— Materials provided —
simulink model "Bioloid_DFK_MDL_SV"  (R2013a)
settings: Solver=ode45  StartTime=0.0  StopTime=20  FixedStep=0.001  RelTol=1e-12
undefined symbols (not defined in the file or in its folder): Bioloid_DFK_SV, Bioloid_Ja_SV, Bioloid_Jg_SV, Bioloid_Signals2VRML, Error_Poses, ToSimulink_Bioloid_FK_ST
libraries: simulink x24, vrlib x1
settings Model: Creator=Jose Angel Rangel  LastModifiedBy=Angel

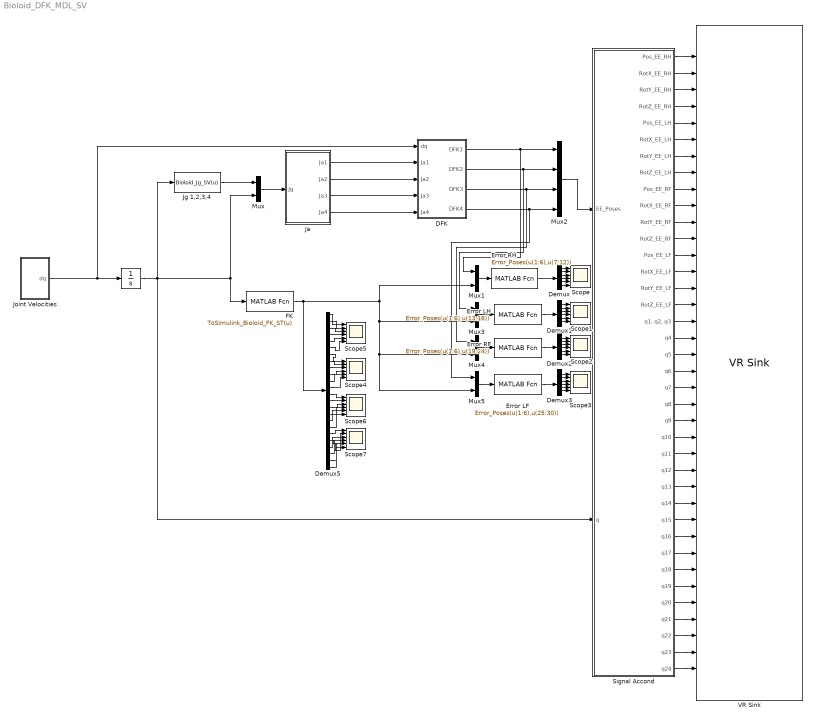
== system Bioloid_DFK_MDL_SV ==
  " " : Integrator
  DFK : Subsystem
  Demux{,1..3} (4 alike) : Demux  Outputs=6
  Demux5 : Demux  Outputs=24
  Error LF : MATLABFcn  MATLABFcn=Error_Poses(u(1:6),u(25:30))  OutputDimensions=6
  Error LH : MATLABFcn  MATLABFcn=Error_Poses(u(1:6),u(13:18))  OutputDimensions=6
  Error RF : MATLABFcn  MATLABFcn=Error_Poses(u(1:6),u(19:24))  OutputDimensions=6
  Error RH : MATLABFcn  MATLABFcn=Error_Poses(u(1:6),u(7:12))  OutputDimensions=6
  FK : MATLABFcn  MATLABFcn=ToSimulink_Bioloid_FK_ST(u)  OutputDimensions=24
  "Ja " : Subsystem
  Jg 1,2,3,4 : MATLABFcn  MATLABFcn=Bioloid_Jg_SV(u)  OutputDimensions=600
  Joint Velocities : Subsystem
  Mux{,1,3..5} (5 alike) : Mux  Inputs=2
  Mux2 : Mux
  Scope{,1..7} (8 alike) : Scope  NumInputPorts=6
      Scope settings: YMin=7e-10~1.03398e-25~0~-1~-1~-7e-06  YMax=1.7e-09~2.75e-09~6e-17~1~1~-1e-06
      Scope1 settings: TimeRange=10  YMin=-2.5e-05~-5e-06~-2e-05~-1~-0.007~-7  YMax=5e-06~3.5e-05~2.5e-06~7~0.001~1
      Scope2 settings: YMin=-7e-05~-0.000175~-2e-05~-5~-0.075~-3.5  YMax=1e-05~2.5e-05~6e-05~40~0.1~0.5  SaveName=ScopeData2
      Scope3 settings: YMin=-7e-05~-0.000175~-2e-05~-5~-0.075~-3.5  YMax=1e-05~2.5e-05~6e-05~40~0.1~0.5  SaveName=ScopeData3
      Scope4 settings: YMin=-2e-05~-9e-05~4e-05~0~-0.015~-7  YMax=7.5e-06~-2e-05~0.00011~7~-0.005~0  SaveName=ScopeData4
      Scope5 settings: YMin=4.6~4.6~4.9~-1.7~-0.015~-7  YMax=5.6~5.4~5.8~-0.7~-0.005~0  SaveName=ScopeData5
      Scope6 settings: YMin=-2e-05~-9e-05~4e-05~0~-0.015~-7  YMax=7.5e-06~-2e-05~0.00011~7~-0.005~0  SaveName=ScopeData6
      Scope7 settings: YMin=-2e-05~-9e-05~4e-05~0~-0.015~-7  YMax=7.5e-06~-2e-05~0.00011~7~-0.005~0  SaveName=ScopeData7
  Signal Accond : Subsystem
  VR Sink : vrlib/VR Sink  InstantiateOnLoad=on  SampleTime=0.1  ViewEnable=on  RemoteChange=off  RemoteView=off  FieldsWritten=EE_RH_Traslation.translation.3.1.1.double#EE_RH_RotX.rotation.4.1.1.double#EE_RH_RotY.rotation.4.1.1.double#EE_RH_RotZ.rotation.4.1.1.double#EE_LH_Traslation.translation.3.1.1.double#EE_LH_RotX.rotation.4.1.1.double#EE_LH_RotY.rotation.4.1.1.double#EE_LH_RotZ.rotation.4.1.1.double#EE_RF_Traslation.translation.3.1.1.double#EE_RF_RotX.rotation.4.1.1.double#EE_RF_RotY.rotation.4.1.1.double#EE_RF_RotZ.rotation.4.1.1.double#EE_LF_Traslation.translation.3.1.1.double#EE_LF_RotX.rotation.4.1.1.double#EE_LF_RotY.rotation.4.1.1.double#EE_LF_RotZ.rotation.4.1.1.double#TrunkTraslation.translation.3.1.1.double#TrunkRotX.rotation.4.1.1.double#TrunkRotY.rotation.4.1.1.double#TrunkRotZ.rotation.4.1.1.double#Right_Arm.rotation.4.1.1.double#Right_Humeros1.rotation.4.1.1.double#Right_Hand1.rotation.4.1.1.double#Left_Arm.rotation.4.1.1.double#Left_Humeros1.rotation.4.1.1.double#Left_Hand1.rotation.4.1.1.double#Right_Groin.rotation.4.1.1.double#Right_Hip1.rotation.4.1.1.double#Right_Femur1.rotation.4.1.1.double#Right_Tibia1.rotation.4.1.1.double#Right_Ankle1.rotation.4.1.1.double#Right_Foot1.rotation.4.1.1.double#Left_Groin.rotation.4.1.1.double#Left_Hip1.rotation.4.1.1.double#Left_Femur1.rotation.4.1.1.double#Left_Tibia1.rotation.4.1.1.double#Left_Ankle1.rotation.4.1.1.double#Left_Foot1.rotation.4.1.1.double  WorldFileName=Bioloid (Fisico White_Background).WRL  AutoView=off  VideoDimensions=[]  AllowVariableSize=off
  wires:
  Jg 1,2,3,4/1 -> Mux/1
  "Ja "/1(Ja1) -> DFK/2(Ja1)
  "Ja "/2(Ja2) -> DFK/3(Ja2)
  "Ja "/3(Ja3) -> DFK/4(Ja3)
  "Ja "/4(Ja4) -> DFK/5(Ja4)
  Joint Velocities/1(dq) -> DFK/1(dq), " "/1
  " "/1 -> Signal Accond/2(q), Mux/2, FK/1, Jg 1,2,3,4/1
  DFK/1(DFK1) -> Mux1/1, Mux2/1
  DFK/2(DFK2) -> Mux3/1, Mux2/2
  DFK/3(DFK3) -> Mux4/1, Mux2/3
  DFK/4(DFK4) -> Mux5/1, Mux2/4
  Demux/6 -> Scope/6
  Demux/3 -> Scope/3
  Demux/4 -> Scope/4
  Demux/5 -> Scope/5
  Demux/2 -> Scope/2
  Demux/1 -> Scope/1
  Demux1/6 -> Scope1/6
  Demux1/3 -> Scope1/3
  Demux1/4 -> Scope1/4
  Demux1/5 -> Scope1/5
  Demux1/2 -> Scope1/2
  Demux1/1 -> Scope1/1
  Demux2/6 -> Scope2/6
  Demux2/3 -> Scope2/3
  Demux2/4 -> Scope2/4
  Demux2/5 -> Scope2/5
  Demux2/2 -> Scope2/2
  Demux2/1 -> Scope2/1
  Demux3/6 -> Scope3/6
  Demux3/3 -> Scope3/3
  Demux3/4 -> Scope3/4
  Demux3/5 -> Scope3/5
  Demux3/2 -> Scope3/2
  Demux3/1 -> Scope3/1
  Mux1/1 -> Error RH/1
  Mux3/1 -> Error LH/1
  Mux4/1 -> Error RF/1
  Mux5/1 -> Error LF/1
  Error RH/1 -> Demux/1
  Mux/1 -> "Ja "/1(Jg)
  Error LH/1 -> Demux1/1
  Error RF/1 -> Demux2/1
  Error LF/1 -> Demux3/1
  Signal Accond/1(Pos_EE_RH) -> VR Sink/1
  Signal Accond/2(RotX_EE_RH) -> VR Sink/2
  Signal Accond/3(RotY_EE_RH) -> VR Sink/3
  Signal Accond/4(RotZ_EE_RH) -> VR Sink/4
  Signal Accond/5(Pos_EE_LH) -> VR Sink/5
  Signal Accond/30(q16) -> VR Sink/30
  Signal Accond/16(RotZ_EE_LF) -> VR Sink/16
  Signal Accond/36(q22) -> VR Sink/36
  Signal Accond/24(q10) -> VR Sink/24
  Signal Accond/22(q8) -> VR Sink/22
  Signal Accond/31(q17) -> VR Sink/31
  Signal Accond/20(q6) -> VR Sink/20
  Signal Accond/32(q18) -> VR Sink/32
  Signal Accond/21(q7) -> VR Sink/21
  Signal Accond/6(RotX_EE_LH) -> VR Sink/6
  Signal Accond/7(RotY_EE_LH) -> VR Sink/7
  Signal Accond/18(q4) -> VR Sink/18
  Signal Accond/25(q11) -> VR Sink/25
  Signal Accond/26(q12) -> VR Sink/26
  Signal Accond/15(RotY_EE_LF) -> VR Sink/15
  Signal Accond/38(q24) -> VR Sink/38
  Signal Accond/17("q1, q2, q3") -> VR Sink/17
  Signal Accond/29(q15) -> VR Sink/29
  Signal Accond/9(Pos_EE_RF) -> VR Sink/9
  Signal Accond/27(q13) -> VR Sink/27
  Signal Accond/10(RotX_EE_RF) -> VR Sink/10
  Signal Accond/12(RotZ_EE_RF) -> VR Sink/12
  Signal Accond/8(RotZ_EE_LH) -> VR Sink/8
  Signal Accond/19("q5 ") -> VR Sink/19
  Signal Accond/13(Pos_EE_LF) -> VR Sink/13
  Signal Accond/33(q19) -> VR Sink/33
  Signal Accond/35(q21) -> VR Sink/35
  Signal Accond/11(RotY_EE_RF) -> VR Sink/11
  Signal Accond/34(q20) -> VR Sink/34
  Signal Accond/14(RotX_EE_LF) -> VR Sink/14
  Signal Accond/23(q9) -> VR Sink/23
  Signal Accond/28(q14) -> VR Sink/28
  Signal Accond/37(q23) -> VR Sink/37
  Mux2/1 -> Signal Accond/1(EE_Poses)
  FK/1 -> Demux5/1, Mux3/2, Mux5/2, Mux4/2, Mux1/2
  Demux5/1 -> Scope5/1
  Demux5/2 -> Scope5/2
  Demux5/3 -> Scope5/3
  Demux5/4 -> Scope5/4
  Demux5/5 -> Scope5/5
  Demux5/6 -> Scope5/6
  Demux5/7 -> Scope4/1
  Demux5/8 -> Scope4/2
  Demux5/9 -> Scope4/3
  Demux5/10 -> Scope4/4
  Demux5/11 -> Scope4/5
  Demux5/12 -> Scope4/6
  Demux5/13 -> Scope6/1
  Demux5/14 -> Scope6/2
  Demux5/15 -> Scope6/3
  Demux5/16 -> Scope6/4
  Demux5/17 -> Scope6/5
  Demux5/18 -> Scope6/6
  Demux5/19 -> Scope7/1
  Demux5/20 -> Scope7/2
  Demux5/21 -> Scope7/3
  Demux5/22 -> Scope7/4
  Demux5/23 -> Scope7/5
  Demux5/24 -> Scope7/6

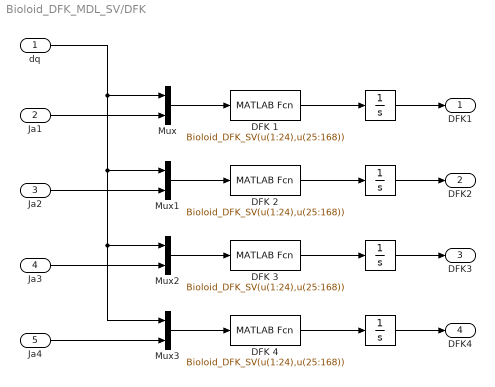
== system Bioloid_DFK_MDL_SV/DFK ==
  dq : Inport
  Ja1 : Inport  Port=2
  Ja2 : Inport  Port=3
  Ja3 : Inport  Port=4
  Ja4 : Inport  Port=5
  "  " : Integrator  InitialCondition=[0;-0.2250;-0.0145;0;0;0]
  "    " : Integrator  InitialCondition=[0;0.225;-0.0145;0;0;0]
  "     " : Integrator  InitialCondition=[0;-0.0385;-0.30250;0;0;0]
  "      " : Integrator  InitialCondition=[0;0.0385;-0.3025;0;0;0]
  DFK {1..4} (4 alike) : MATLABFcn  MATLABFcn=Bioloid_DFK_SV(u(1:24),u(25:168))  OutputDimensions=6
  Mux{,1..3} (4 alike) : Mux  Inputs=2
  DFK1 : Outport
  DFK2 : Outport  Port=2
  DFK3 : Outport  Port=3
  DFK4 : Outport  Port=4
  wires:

— To do —
Quote the listing above, but only from the line that shows "Demux/2 -> Scope/2" through the line that shows "Signal Accond/36(q22) -> VR Sink/36".

— Result of this exercise —
  Demux/2 -> Scope/2
  Demux/1 -> Scope/1
  Demux1/6 -> Scope1/6
  Demux1/3 -> Scope1/3
  Demux1/4 -> Scope1/4
  Demux1/5 -> Scope1/5
  Demux1/2 -> Scope1/2
  Demux1/1 -> Scope1/1
  Demux2/6 -> Scope2/6
  Demux2/3 -> Scope2/3
  Demux2/4 -> Scope2/4
  Demux2/5 -> Scope2/5
  Demux2/2 -> Scope2/2
  Demux2/1 -> Scope2/1
  Demux3/6 -> Scope3/6
  Demux3/3 -> Scope3/3
  Demux3/4 -> Scope3/4
  Demux3/5 -> Scope3/5
  Demux3/2 -> Scope3/2
  Demux3/1 -> Scope3/1
  Mux1/1 -> Error RH/1
  Mux3/1 -> Error LH/1
  Mux4/1 -> Error RF/1
  Mux5/1 -> Error LF/1
  Error RH/1 -> Demux/1
  Mux/1 -> "Ja "/1(Jg)
  Error LH/1 -> Demux1/1
  Error RF/1 -> Demux2/1
  Error LF/1 -> Demux3/1
  Signal Accond/1(Pos_EE_RH) -> VR Sink/1
  Signal Accond/2(RotX_EE_RH) -> VR Sink/2
  Signal Accond/3(RotY_EE_RH) -> VR Sink/3
  Signal Accond/4(RotZ_EE_RH) -> VR Sink/4
  Signal Accond/5(Pos_EE_LH) -> VR Sink/5
  Signal Accond/30(q16) -> VR Sink/30
  Signal Accond/16(RotZ_EE_LF) -> VR Sink/16
  Signal Accond/36(q22) -> VR Sink/36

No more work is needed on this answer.